Maastricht University, Maastricht, The Netherlands.
Department of Medical Biology, Section Anatomy, Amsterdam University Medical Centre, Location Academic Medical Centre, Meibergdreef 15, 1105 AZ, Amsterdam, The Netherlands.
Int J Legal Med. 2021 May;135(3):1025-1034. doi: 10.1007/s00414-020-02455-1. Epub 2020 Nov 19.

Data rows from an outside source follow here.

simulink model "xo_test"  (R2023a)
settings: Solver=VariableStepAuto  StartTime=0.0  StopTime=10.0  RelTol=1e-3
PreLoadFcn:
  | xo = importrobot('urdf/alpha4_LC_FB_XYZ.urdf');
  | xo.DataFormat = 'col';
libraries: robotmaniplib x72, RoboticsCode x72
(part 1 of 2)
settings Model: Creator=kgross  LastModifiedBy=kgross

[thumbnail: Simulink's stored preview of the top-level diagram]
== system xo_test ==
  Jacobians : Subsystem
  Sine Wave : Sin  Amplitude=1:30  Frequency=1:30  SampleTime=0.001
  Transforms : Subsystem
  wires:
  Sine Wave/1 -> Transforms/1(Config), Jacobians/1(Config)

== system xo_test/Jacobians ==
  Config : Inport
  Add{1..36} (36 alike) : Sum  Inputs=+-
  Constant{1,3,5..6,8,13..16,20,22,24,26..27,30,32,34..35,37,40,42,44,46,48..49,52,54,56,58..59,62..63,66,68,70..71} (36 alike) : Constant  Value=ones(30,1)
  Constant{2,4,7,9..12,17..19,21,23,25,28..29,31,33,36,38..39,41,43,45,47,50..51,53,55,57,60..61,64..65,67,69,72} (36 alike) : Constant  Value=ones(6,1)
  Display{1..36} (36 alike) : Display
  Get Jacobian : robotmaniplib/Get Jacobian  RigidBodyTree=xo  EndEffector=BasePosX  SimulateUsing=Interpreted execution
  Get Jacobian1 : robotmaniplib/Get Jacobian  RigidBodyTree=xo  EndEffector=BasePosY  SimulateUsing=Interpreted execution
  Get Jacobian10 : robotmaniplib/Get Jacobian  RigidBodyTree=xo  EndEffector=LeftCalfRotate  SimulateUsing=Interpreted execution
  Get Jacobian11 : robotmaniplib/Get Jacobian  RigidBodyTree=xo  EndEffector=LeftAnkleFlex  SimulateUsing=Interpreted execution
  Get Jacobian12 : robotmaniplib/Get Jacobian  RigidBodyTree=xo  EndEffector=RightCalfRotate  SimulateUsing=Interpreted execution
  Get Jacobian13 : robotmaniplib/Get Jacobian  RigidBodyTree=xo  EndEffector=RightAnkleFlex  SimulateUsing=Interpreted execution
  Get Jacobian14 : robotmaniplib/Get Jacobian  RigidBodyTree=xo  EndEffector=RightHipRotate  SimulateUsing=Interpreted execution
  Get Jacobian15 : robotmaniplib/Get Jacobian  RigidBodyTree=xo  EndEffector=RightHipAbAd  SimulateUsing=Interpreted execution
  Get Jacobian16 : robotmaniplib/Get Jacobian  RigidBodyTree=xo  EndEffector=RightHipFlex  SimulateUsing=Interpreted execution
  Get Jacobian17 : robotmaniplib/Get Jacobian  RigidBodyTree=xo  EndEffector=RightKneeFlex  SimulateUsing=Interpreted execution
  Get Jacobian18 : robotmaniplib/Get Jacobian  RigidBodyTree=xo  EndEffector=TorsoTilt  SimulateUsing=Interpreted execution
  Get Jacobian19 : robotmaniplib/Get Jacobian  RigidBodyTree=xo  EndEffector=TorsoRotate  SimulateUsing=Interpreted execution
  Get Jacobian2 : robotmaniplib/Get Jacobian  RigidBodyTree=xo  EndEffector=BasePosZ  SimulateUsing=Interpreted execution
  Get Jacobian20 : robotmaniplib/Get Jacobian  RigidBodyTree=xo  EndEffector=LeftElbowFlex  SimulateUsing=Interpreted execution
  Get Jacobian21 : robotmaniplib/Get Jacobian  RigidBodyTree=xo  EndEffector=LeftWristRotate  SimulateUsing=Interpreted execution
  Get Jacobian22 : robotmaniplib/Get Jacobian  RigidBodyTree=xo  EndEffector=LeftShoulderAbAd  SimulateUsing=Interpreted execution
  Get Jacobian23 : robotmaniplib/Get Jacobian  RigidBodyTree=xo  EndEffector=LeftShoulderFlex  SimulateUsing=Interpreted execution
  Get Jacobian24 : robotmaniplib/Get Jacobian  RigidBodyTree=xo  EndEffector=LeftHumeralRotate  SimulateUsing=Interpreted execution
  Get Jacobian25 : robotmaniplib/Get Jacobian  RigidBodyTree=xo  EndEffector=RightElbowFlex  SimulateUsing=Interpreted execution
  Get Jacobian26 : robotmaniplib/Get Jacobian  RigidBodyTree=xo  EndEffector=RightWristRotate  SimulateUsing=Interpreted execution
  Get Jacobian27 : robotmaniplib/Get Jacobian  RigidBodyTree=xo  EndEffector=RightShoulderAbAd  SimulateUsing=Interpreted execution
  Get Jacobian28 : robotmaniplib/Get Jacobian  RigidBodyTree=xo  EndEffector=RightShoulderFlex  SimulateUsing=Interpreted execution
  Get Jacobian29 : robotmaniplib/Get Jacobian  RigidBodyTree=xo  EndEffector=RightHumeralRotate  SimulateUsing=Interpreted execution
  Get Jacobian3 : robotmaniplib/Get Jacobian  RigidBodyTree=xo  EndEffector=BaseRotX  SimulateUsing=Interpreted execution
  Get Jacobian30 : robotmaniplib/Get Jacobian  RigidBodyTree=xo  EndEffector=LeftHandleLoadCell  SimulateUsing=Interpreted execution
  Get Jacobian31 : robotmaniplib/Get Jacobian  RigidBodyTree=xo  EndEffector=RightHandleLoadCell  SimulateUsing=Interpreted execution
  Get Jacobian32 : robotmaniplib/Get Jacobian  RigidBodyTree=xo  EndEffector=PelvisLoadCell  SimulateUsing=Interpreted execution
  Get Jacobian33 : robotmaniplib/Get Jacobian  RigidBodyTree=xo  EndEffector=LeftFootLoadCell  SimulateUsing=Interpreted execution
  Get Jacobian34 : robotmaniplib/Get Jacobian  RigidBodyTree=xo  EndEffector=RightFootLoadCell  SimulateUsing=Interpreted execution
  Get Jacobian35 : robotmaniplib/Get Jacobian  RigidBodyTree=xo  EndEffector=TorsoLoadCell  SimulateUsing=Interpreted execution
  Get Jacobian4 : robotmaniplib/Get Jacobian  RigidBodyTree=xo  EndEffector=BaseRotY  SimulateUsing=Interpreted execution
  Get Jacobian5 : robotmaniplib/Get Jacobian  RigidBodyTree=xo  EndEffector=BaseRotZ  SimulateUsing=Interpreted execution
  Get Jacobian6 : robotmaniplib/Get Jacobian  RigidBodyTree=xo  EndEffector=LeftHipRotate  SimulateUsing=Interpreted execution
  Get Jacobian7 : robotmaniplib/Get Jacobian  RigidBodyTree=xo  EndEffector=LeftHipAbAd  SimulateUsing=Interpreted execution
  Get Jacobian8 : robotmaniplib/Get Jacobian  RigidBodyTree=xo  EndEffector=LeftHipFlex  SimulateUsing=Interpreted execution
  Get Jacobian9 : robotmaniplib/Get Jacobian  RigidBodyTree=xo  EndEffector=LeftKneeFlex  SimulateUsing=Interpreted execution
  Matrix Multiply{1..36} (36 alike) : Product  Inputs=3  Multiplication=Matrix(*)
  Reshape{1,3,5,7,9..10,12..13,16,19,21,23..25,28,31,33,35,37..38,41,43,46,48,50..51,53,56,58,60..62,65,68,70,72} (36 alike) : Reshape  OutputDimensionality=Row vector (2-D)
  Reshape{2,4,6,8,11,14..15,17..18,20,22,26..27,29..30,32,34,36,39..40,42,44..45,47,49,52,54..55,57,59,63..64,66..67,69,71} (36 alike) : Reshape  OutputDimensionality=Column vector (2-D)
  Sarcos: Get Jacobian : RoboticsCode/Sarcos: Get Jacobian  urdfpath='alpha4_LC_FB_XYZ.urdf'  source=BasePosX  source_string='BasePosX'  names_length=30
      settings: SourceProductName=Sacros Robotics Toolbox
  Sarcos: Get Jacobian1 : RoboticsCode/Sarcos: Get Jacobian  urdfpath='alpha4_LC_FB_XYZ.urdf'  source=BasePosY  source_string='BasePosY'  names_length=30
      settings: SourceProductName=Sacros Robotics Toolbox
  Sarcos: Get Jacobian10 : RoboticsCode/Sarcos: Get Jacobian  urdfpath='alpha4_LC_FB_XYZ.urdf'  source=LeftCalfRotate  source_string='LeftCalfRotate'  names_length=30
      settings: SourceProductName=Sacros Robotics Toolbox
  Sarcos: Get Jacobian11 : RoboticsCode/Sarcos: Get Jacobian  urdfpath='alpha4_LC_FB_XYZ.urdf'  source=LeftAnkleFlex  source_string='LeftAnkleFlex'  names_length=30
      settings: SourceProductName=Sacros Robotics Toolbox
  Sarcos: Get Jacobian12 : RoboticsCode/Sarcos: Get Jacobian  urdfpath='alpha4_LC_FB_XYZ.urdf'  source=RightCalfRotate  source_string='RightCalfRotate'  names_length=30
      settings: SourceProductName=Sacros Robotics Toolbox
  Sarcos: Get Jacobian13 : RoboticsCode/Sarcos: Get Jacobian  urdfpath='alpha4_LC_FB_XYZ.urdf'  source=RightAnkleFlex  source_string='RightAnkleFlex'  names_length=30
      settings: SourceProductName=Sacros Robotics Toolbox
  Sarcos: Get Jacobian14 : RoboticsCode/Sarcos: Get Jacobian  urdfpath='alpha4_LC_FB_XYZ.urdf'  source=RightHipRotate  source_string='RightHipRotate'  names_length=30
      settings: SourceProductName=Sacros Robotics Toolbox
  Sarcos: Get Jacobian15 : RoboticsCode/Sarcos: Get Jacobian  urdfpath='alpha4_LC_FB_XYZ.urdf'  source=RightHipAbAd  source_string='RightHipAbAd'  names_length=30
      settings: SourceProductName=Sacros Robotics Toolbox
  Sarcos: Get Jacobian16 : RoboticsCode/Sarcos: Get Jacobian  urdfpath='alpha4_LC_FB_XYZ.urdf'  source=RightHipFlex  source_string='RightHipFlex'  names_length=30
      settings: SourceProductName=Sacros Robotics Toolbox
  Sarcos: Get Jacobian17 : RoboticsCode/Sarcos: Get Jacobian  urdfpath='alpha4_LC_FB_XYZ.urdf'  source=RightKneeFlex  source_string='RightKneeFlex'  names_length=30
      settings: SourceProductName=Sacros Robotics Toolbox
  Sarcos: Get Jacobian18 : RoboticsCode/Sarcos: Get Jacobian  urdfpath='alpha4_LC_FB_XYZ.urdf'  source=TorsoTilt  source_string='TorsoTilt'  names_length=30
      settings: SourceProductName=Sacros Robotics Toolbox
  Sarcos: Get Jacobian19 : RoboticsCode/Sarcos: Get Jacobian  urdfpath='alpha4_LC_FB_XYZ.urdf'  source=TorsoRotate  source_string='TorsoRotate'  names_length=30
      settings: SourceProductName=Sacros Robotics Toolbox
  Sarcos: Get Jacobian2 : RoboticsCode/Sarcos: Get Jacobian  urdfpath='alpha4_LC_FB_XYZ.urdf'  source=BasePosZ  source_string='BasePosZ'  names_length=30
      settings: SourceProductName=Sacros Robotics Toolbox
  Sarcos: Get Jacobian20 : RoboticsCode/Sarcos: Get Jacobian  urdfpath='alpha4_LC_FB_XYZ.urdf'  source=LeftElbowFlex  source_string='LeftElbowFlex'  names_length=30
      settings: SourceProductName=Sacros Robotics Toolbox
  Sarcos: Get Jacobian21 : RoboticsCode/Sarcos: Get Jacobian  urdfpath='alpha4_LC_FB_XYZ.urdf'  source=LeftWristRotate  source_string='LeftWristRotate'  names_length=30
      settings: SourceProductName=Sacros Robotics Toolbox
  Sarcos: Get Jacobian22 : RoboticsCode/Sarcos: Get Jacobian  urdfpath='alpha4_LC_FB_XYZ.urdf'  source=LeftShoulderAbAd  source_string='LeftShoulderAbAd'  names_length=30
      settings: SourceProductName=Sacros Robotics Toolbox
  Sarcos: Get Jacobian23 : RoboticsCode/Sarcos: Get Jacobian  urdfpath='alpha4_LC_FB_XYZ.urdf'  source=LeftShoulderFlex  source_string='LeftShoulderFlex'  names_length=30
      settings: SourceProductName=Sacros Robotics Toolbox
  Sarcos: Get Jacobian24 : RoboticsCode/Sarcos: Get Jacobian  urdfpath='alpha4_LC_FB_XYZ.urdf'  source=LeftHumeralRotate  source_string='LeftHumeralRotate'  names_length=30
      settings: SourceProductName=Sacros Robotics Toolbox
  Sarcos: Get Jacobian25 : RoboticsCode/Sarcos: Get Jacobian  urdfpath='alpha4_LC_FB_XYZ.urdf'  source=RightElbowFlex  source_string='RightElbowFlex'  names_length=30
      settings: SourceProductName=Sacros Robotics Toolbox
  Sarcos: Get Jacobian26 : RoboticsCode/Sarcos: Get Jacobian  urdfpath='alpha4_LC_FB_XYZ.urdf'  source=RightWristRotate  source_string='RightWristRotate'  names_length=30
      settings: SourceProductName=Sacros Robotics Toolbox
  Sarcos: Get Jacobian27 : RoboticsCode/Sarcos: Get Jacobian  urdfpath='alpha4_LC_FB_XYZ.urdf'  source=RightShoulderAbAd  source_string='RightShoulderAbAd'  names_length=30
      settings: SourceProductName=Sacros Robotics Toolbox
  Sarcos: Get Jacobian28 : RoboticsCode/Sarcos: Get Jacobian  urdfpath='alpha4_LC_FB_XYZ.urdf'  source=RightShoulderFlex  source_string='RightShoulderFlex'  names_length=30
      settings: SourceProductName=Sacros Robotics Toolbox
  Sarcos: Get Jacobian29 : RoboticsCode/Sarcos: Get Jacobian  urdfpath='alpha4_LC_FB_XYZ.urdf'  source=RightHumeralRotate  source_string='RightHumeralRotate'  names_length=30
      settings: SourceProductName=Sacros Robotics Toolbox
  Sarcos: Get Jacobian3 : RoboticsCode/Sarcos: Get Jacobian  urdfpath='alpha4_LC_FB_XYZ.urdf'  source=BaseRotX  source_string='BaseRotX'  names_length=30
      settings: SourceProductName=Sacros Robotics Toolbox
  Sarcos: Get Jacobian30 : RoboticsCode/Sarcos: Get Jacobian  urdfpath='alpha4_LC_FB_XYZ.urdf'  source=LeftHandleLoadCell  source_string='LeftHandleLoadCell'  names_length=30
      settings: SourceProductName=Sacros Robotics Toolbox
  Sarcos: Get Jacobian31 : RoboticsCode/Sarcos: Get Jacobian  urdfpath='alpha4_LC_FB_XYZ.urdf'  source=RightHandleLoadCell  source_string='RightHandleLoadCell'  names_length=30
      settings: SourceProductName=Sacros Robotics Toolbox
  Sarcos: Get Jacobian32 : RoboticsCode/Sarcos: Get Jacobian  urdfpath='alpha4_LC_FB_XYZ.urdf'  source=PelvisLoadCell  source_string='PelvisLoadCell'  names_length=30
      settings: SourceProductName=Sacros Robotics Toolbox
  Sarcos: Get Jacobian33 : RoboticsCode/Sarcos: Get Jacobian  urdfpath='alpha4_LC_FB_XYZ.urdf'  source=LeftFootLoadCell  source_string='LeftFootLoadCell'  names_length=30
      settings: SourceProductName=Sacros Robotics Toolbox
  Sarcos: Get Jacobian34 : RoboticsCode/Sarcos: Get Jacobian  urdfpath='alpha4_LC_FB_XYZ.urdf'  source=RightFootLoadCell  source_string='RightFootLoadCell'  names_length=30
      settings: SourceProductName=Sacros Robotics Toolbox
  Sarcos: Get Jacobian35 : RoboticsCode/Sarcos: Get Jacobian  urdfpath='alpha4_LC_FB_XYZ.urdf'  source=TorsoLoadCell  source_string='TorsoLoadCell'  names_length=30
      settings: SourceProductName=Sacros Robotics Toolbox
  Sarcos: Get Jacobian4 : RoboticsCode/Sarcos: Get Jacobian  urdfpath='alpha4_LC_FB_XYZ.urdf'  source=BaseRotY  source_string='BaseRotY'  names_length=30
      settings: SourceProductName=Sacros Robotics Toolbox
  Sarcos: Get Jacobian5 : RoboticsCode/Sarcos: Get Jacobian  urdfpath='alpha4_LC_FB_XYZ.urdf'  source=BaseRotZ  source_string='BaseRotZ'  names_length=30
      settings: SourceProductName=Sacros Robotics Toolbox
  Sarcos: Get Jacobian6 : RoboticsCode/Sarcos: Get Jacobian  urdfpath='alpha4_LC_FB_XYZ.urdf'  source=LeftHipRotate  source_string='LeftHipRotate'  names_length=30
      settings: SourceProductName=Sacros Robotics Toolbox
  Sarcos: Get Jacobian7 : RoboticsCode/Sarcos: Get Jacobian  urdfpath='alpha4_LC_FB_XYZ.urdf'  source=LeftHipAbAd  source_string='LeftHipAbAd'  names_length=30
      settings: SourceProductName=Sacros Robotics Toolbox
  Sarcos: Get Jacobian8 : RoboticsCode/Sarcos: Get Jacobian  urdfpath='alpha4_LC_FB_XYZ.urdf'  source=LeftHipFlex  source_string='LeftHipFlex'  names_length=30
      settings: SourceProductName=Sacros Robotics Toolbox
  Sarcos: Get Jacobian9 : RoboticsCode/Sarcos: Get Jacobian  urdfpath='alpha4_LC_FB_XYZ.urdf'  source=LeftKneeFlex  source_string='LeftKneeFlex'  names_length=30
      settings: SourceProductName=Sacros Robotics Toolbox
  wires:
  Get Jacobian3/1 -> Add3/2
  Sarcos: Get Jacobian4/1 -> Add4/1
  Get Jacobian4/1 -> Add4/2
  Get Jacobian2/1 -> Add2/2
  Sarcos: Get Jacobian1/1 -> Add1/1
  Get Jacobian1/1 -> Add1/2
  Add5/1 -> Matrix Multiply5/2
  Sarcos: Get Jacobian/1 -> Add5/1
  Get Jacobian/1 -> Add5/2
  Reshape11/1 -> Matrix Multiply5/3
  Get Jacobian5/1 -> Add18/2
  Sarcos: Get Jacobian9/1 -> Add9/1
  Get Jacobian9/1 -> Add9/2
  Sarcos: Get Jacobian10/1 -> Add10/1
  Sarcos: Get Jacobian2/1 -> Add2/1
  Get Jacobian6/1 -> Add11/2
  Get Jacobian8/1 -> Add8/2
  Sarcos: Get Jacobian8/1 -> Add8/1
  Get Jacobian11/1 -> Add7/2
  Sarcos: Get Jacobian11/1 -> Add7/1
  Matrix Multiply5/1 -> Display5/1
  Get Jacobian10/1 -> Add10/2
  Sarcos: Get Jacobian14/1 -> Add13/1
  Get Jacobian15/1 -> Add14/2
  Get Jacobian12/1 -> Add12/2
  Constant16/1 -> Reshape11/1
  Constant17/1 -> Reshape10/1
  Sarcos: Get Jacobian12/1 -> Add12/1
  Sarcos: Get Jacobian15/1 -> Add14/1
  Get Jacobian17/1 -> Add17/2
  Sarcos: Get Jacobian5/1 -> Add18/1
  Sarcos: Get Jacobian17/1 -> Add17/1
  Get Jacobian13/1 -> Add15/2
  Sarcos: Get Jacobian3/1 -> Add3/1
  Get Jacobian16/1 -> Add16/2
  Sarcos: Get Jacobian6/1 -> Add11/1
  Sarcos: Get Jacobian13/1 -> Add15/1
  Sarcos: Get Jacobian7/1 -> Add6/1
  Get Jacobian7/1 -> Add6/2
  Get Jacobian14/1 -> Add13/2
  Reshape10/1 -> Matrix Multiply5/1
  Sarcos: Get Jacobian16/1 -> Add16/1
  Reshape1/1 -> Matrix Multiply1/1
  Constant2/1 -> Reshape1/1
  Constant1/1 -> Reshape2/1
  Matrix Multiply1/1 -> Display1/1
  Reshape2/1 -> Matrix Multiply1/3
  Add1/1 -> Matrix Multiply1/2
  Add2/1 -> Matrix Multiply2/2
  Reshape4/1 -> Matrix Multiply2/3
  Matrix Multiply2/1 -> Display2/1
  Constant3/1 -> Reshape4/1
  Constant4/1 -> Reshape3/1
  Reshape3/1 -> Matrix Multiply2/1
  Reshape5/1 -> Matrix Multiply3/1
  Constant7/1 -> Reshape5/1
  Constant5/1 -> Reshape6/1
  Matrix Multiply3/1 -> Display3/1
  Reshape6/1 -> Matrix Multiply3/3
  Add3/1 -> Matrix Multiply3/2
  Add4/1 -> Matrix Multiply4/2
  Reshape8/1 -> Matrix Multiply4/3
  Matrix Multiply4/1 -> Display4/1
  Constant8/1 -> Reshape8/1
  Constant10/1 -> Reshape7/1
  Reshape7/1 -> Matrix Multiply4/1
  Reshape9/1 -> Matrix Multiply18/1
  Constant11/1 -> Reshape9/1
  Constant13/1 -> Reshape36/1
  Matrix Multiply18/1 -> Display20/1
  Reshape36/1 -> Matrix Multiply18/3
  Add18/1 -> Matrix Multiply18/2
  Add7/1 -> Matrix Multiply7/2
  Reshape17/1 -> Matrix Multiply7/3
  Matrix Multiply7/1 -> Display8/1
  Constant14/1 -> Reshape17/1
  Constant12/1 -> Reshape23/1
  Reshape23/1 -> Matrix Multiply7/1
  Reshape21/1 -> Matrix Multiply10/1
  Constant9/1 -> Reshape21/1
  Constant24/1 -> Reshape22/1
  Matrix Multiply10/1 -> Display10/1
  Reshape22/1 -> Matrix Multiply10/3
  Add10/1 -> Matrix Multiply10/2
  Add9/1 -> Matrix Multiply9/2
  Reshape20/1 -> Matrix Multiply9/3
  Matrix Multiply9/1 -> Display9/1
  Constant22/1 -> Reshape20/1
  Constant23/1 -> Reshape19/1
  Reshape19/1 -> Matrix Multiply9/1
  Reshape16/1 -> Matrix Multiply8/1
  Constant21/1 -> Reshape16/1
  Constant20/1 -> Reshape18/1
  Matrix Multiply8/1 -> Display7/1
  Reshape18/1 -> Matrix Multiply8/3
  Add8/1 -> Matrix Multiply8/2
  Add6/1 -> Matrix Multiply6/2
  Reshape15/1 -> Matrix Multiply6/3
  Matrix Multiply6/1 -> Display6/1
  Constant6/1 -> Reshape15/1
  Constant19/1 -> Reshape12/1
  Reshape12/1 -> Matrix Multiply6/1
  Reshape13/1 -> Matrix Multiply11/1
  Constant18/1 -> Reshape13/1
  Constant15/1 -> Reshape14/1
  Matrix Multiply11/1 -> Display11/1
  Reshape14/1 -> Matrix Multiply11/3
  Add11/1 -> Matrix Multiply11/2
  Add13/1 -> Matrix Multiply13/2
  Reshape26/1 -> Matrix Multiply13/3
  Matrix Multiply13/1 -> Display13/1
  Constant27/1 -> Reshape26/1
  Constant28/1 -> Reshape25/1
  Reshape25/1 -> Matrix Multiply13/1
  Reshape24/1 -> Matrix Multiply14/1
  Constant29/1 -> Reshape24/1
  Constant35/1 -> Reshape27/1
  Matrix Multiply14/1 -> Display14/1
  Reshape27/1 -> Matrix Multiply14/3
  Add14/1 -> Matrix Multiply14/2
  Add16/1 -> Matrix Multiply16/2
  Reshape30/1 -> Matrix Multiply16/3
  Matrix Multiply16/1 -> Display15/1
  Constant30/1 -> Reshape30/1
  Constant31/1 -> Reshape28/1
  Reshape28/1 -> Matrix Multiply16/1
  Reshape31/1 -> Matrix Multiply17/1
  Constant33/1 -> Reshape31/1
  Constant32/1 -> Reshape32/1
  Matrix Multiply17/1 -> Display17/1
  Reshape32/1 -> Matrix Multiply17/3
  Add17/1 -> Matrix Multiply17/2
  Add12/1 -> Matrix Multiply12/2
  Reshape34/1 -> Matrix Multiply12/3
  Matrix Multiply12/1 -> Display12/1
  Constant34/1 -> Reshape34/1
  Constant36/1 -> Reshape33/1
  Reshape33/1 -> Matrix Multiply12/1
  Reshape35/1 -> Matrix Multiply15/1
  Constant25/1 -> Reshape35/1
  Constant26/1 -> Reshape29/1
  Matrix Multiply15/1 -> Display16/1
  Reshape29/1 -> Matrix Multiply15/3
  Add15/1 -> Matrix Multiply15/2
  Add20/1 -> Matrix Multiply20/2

Bone has photoluminescent characteristics that can aid the analysis of thermally altered human skeletal remains as part of the forensic anthropological investigation. Photoluminescence stands collectively for fluorescence and phosphorescence. Because the difference in lifetime between fluorescence and phosphorescence is usually in the range of nano- to microseconds, it is only possible to visually determine whether bone phosphoresces when the lifetime is long enough to be observed. For this study, a distinction was made between long-decay and short-decay phosphorescence. So far, it was unknown whether (thermally altered) human bone emits long-decay phosphorescence after being illuminated and, thus, whether phosphorescence contributes to the observed photoluminescence. If so, whether the observable phosphorescence is dependent on temperature, exposure duration, surrounding medium, bone type, skeletal element, and excitation light and could aid the temperature estimation of heated bone fragments. In this study, bone samples were subjected to heat in the range of from room temperature to 900 °C for various durations in either air or adipose as surrounding medium. In addition, different skeletal elements of a human cadaver were recollected after cremation in a crematorium. Both sample collections were illuminated with light of different bandwidths and visually inspected for phosphorescence and photoluminescence. The samples were scored by means of a scoring index for the intensity of long-decay phosphorescence and photographically documented. The results show that thermally altered human bone fragments do phosphoresce. The observed phosphorescence is more dependent on temperature than on exposure duration, surrounding medium or skeletal element. Of the used wavelength bands, ultraviolet light provided the most temperature-related information, showing changes in both phosphorescence intensity and emission spectrum. Long-decay phosphorescence and fluorescence with short-decay phosphorescence coincide; however, there are also temperature-dependent differences. It is therefore concluded that phosphorescence contributes to the observable photoluminescence and that the visibly observable phosphorescent characteristics can aid the temperature estimation of cremated human skeletal fragments.
骨骼具有磷光特性,可以帮助分析作为法医人类学调查一部分的受热改变的人类骨骼遗骸。磷光集体代表荧光和磷光。由于荧光和磷光之间的寿命差异通常在纳秒到微秒的范围内,因此只有当寿命足够长以便观察时,才能通过肉眼确定骨骼是否发出磷光。在这项研究中,区分了长衰减和短衰减磷光。到目前为止,还不知道(受热改变的)人类骨骼在被照射后是否发出长衰减磷光,以及磷光是否有助于观察到的磷光。如果是这样,那么可观察到的磷光是否取决于温度、暴露时间、周围介质、骨骼类型、骨骼元素以及激发光,并有助于加热的骨骼碎片的温度估计。在这项研究中,将骨骼样本在空气或脂肪作为周围介质的不同温度范围内加热不同的时间,从室温到 900°C。此外,还从火葬场中重新收集了火化后的人类尸体的不同骨骼元素。两种样本收集都用不同带宽的光照射,并对磷光和磷光进行了目视检查。使用长衰减磷光强度的评分指数对样本进行评分,并拍照记录。结果表明,受热改变的人类骨碎片确实会发出磷光。观察到的磷光更多地取决于温度,而不是暴露时间、周围介质或骨骼元素。在所使用的波长带中,紫外线提供了与温度最相关的信息,显示出磷光强度和发射光谱的变化。长衰减磷光和短衰减磷光的荧光同时存在;然而,也存在与温度相关的差异。因此,可以得出结论,磷光有助于观察到的磷光,并且可观察到的磷光特性可以帮助估计火化的人类骨骼碎片的温度。